Supplied data Start Marker

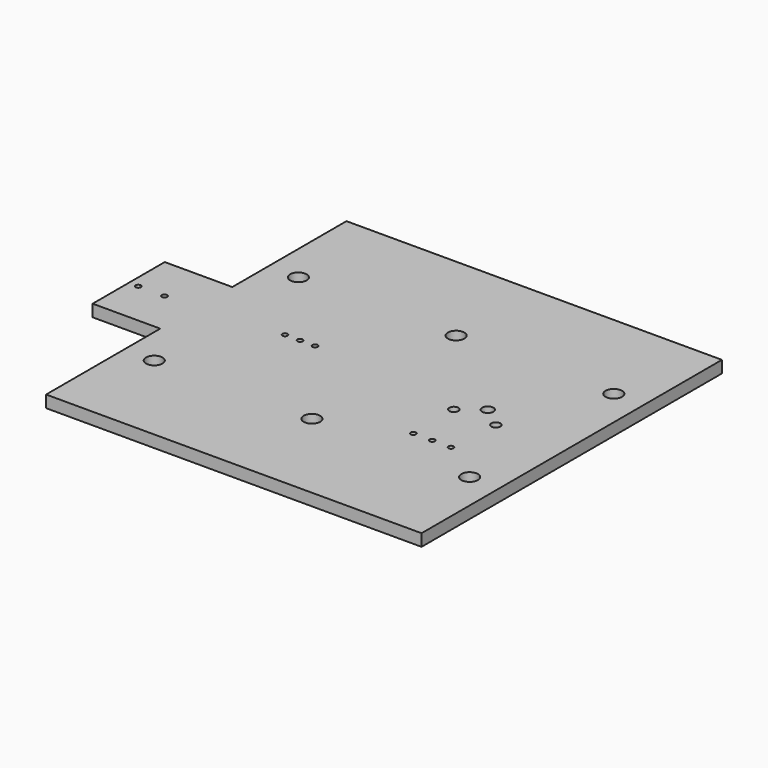
from build123d import *

# Parameters (mm, degrees)
F0_W     = 9
F0_H     = 12
F0_W_2   = 50
F0_H_2   = 19
F1_DEPTH = 1.6
F4_R     = 0.35
F5_R     = 0.35
F2_R     = 0.35
F6_DEPTH = 4
F7_R     = 1.1
F8_DEPTH = 25


# Not quite as in the source:
# - a feature names something its author has since deleted; it is built from what else it names


with BuildPart() as f1:
    # F0 (on Top) → F1 (new body)
    with BuildSketch(Plane.XY):
        with Locations((11.8172904253, 14.6750973295)):
            Rectangle(F0_W, F0_H)
        with Locations((41.3172904253, 14.6750973295)):
            Rectangle(F0_W_2, F0_H)
        with Locations((41.3172904253, -0.8249026705)):
            Rectangle(F0_W_2, F0_H_2)
        with Locations((41.3172904253, 30.1750973295)):
            Rectangle(F0_W_2, F0_H_2)
    extrude(amount=F1_DEPTH)

    # F4 (on face) + F5 (on face) + F3 (on face) + F2 (on face) → F6 (cut)
    with BuildSketch(Plane.XY.offset(1.6)):
        with Locations((51.6172904253, 6.6970097786)):
            Circle(F4_R)
        with Locations((56.6172904253, 6.6970097786)):
            Circle(F4_R)
        with Locations((54.1172904253, 6.6970097786)):
            Circle(F4_R)
    with BuildSketch(Plane.XY.offset(1.6)):
        with Locations((8.5672904253, 14.6970097786)):
            Circle(F5_R)
        with Locations((12.0672904253, 14.6970097786)):
            Circle(F5_R)
    with BuildSketch(Plane.XY.offset(1.6)):
        with BuildLine():
            Line((54.8172904253, 15.4470097786), (53.8172904253, 15.4470097786))
            ThreePointArc((53.8172904253, 15.4470097786), (53.640513733, 15.5202330803), (53.5672904253, 15.6970097701))
            ThreePointArc((53.5672904253, 15.6970097701), (54.3172904296, 14.9470097786), (55.0672904253, 15.6970097786))
            ThreePointArc((55.0672904253, 15.6970097786), (54.9940671206, 15.5202330833), (54.8172904253, 15.4470097786))
        make_face()
        with BuildLine():
            ThreePointArc((53.5672904253, 15.6970097701), (53.640513733, 15.5202330803), (53.8172904253, 15.4470097786))
            Line((53.8172904253, 15.4470097786), (54.8172904253, 15.4470097786))
            ThreePointArc((54.8172904253, 15.4470097786), (54.9940671206, 15.5202330833), (55.0672904253, 15.6970097786))
            ThreePointArc((55.0672904253, 15.6970097786), (54.9940671206, 15.8737864739), (54.8172904253, 15.9470097786))
            Line((54.8172904253, 15.9470097786), (53.8172904253, 15.9470097786))
            ThreePointArc((53.8172904253, 15.9470097786), (53.640513727, 15.8737864709), (53.5672904253, 15.6970097701))
        make_face()
        with BuildLine():
            ThreePointArc((55.0672904253, 15.6970097786), (54.317290421, 16.4470097786), (53.5672904253, 15.6970097701))
            ThreePointArc((53.5672904253, 15.6970097701), (53.640513727, 15.8737864709), (53.8172904253, 15.9470097786))
            Line((53.8172904253, 15.9470097786), (54.8172904253, 15.9470097786))
            ThreePointArc((54.8172904253, 15.9470097786), (54.9940671206, 15.8737864739), (55.0672904253, 15.6970097786))
        make_face()
        with BuildLine():
            Line((51.1672904253, 13.7970097786), (51.8672904253, 13.7970097786))
            ThreePointArc((51.8672904253, 13.7970097786), (52.0440671206, 13.7237864739), (52.1172904253, 13.5470097786))
            ThreePointArc((52.1172904253, 13.5470097786), (51.5172904253, 14.1470097786), (50.9172904253, 13.5470097786))
            ThreePointArc((50.9172904253, 13.5470097786), (50.99051373, 13.7237864739), (51.1672904253, 13.7970097786))
        make_face()
        with BuildLine():
            ThreePointArc((52.1172904253, 13.5470097786), (52.0440671206, 13.7237864739), (51.8672904253, 13.7970097786))
            Line((51.8672904253, 13.7970097786), (51.1672904253, 13.7970097786))
            ThreePointArc((51.1672904253, 13.7970097786), (50.99051373, 13.7237864739), (50.9172904253, 13.5470097786))
            ThreePointArc((50.9172904253, 13.5470097786), (50.99051373, 13.3702330833), (51.1672904253, 13.2970097786))
            Line((51.1672904253, 13.2970097786), (51.8672904253, 13.2970097786))
            ThreePointArc((51.8672904253, 13.2970097786), (52.0440671206, 13.3702330833), (52.1172904253, 13.5470097786))
        make_face()
        with BuildLine():
            ThreePointArc((50.9172904253, 13.5470097786), (51.5172904253, 12.9470097786), (52.1172904253, 13.5470097786))
            ThreePointArc((52.1172904253, 13.5470097786), (52.0440671206, 13.3702330833), (51.8672904253, 13.2970097786))
            Line((51.8672904253, 13.2970097786), (51.1672904253, 13.2970097786))
            ThreePointArc((51.1672904253, 13.2970097786), (50.99051373, 13.3702330833), (50.9172904253, 13.5470097786))
        make_face()
        with BuildLine():
            Line((56.7672904253, 13.2970097786), (57.4672904253, 13.2970097786))
            ThreePointArc((57.4672904253, 13.2970097786), (57.6440671206, 13.3702330833), (57.7172904253, 13.5470097786))
            ThreePointArc((57.7172904253, 13.5470097786), (57.6440671206, 13.7237864739), (57.4672904253, 13.7970097786))
            Line((57.4672904253, 13.7970097786), (56.7672904253, 13.7970097786))
            ThreePointArc((56.7672904253, 13.7970097786), (56.59051373, 13.7237864739), (56.5172904253, 13.5470097786))
            ThreePointArc((56.5172904253, 13.5470097786), (56.59051373, 13.3702330833), (56.7672904253, 13.2970097786))
        make_face()
        with BuildLine():
            ThreePointArc((57.7172904253, 13.5470097786), (57.6440671206, 13.3702330833), (57.4672904253, 13.2970097786))
            Line((57.4672904253, 13.2970097786), (56.7672904253, 13.2970097786))
            ThreePointArc((56.7672904253, 13.2970097786), (56.59051373, 13.3702330833), (56.5172904253, 13.5470097786))
            ThreePointArc((56.5172904253, 13.5470097786), (57.1172904253, 12.9470097786), (57.7172904253, 13.5470097786))
        make_face()
        with BuildLine():
            ThreePointArc((57.4672904253, 13.7970097786), (57.6440671206, 13.7237864739), (57.7172904253, 13.5470097786))
            ThreePointArc((57.7172904253, 13.5470097786), (57.1172904253, 14.1470097786), (56.5172904253, 13.5470097786))
            ThreePointArc((56.5172904253, 13.5470097786), (56.59051373, 13.7237864739), (56.7672904253, 13.7970097786))
            Line((56.7672904253, 13.7970097786), (57.4672904253, 13.7970097786))
        make_face()
    with BuildSketch(Plane.XY.offset(1.6)):
        with Locations((27.3172904253, 15.6970097786)):
            Circle(F2_R)
        with Locations((29.3172904253, 15.6970097786)):
            Circle(F2_R)
        with Locations((31.3172904253, 15.6970097786)):
            Circle(F2_R)
    extrude(amount=-F6_DEPTH, mode=Mode.SUBTRACT)

    # F7 (on face) → F8 (cut)
    with BuildSketch(Plane.XY.offset(1.6)):
        with Locations((62.3172904253, 26.6750973295)):
            Circle(F7_R)
        with Locations((20.3172904253, 26.6750973295)):
            Circle(F7_R)
        with Locations((62.3172904253, 2.6750973295)):
            Circle(F7_R)
        with Locations((20.3172904253, 2.6750973295)):
            Circle(F7_R)
        with Locations((41.3172904253, 2.6750973295)):
            Circle(F7_R)
        with Locations((41.3172904253, 26.6750973295)):
            Circle(F7_R)
    extrude(amount=-F8_DEPTH, mode=Mode.SUBTRACT)


solid = f1.part
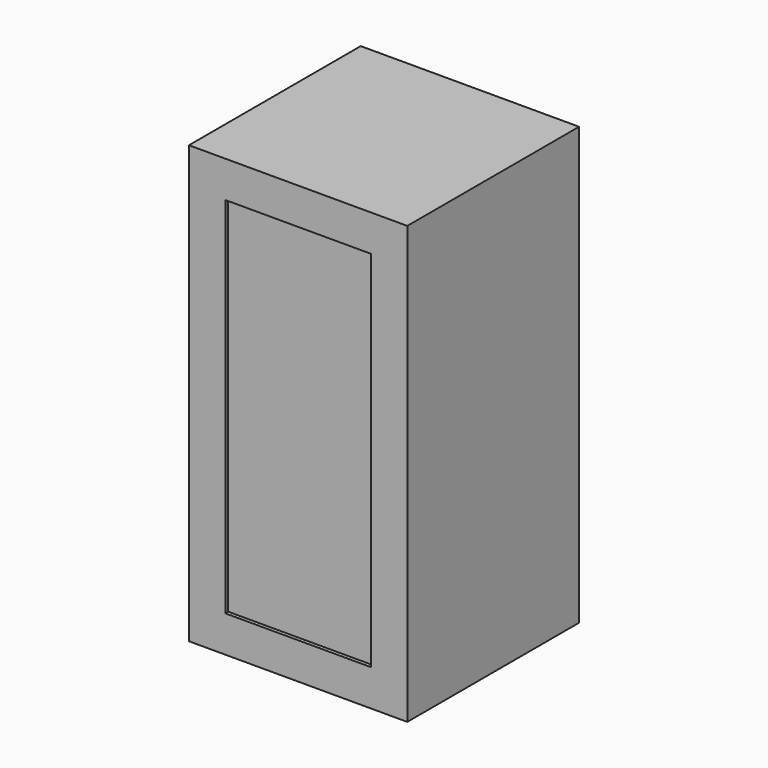
from build123d import *

# Parameters (mm, degrees)
F0_W     = 381
F0_H     = 762
F0_W_2   = 254
F0_H_2   = 635
F1_DEPTH = 374.65
F2_DEPTH = 6.35


# Not quite as in the source:
# - a feature names something its author has since deleted; it is built from what else it names


with BuildPart() as f1:
    # F0 (on Front) → F1 (new body)
    with BuildSketch(Plane.XZ):
        with Locations((73.4267770052, 381)):
            Rectangle(F0_W, F0_H)
        with Locations((73.4267770052, 381)):
            Rectangle(F0_W_2, F0_H_2, mode=Mode.SUBTRACT)
        with Locations((73.4267770052, 381)):
            Rectangle(F0_W_2, F0_H_2)
    extrude(amount=-F1_DEPTH)

    # F0 (on Front) → F2 (cut)
    with BuildSketch(Plane.XZ):
        with Locations((73.4267770052, 381)):
            Rectangle(F0_W_2, F0_H_2)
    extrude(amount=-F2_DEPTH, mode=Mode.SUBTRACT)


solid = f1.part

Supplied data End Marker

§ **The task**
For this exercise, please retype exactly the lines in the listing from the line with "# F0 (on Front) → F1 (new body)" through its last line, both ends included.

§ **Exercise output**
    # F0 (on Front) → F1 (new body)
    with BuildSketch(Plane.XZ):
        with Locations((73.4267770052, 381)):
            Rectangle(F0_W, F0_H)
        with Locations((73.4267770052, 381)):
            Rectangle(F0_W_2, F0_H_2, mode=Mode.SUBTRACT)
        with Locations((73.4267770052, 381)):
            Rectangle(F0_W_2, F0_H_2)
    extrude(amount=-F1_DEPTH)

    # F0 (on Front) → F2 (cut)
    with BuildSketch(Plane.XZ):
        with Locations((73.4267770052, 381)):
            Rectangle(F0_W_2, F0_H_2)
    extrude(amount=-F2_DEPTH, mode=Mode.SUBTRACT)


solid = f1.part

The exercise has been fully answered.